Data provided:
%%

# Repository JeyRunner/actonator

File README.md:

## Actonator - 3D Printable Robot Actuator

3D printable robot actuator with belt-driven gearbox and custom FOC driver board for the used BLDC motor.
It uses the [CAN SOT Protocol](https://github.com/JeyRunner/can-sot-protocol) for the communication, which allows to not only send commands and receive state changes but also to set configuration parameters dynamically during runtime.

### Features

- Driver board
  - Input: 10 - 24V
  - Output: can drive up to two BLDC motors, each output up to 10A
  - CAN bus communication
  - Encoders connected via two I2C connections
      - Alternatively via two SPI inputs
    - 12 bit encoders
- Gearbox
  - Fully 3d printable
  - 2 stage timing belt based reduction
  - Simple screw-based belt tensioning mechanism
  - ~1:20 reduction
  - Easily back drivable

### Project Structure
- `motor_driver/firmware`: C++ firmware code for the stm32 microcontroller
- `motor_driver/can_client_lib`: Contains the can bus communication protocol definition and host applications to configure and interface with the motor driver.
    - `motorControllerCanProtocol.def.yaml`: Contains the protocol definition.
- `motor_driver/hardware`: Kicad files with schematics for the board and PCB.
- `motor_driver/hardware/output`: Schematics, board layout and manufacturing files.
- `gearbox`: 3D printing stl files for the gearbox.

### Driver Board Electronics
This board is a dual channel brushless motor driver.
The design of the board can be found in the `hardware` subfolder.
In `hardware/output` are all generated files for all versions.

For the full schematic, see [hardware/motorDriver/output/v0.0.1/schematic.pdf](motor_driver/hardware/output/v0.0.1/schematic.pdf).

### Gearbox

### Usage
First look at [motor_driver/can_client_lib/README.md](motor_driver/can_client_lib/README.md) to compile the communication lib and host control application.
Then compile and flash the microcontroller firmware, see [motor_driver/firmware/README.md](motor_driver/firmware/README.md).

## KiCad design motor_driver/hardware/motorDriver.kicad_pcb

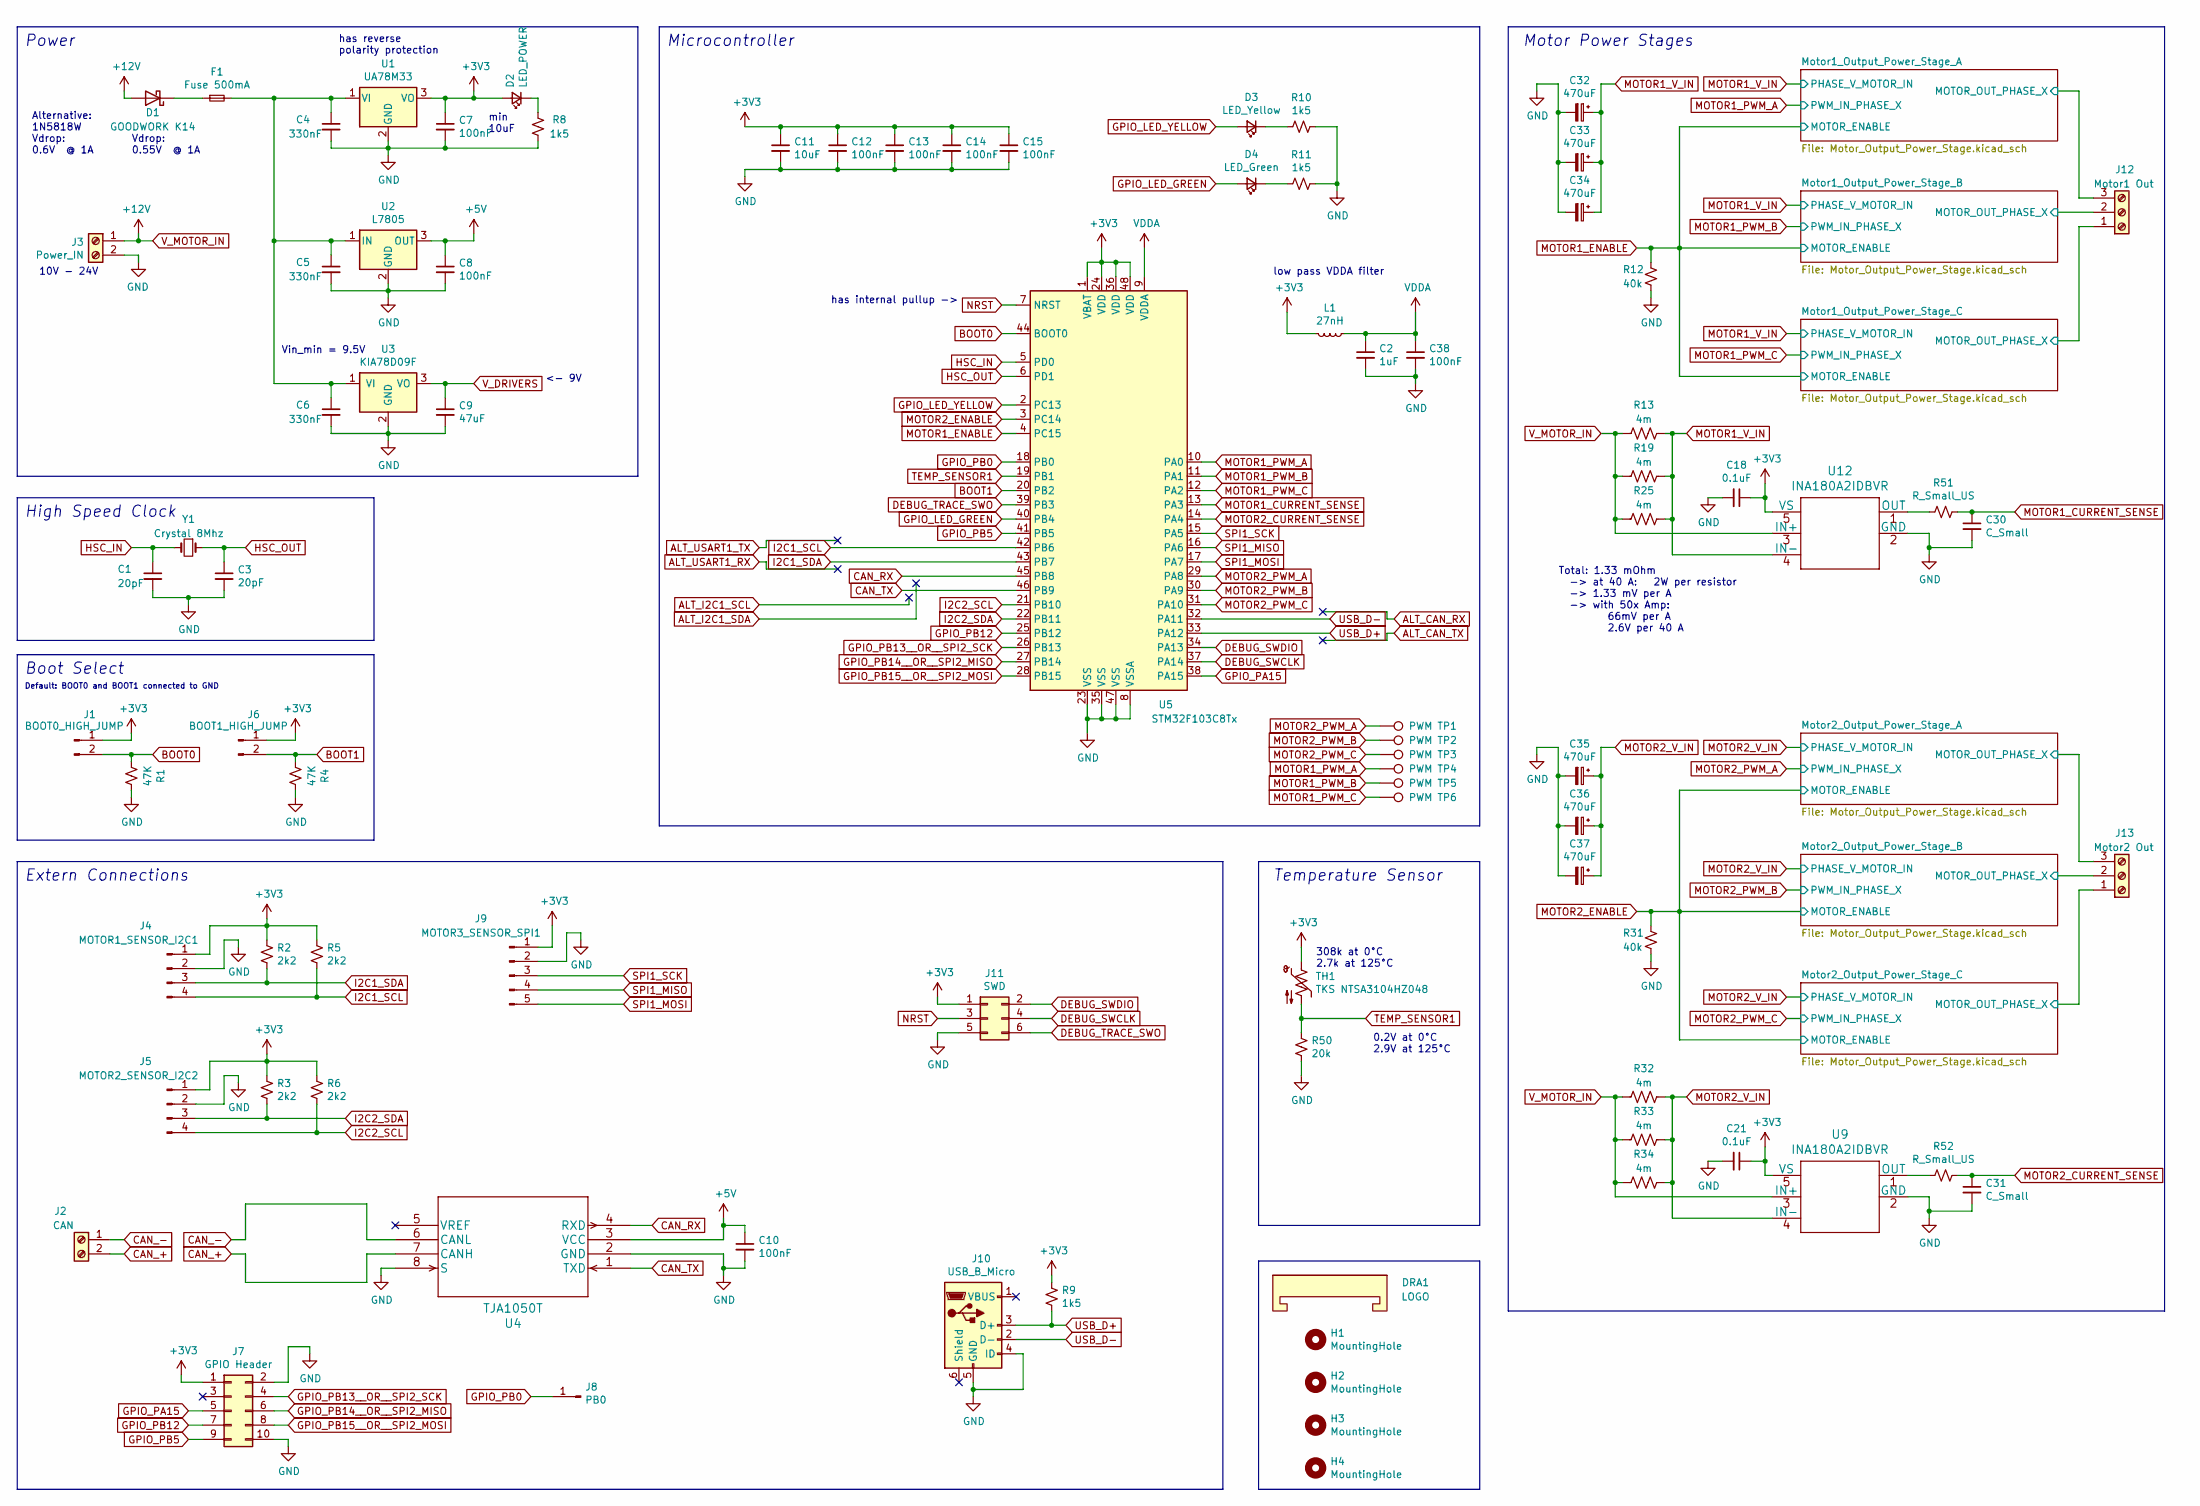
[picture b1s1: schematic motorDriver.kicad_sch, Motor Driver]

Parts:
C1, C3: 20pF; C_0805_2012Metric_Pad1.15x1.40mm_HandSolder
C2: 1uF; C_0805_2012Metric_Pad1.15x1.40mm_HandSolder
C4, C5, C6: 330nF; C_0805_2012Metric_Pad1.15x1.40mm_HandSolder
C7, C8, C10, C12, C13, C14, C15, C38: 100nF; C_0805_2012Metric_Pad1.15x1.40mm_HandSolder
C9: 47uF; C_1210_3225Metric_Pad1.42x2.65mm_HandSolder
C11: 10uF; C_0805_2012Metric_Pad1.15x1.40mm_HandSolder
C18, C21: 0.1uF; C_0805_2012Metric_Pad1.15x1.40mm_HandSolder
C30, C31: C_Small; C_0805_2012Metric_Pad1.15x1.40mm_HandSolder
C32, C33, C34, C35, C36, C37: 470uF; CP_Elec_10x10.5
D1: GOODWORK K14; D_SOD-123F
D2: LED_POWER; LED_0805_2012Metric_Pad1.15x1.40mm_HandSolder
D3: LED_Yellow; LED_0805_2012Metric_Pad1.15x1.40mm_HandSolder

%%

Problem to solve:
In the records above, find the lines containing "motorDriver" and copy them.

Response:
For the full schematic, see [hardware/motorDriver/output/v0.0.1/schematic.pdf](motor_driver/hardware/output/v0.0.1/schematic.pdf).
## KiCad design motor_driver/hardware/motorDriver.kicad_pcb
[picture b1s1: schematic motorDriver.kicad_sch, Motor Driver]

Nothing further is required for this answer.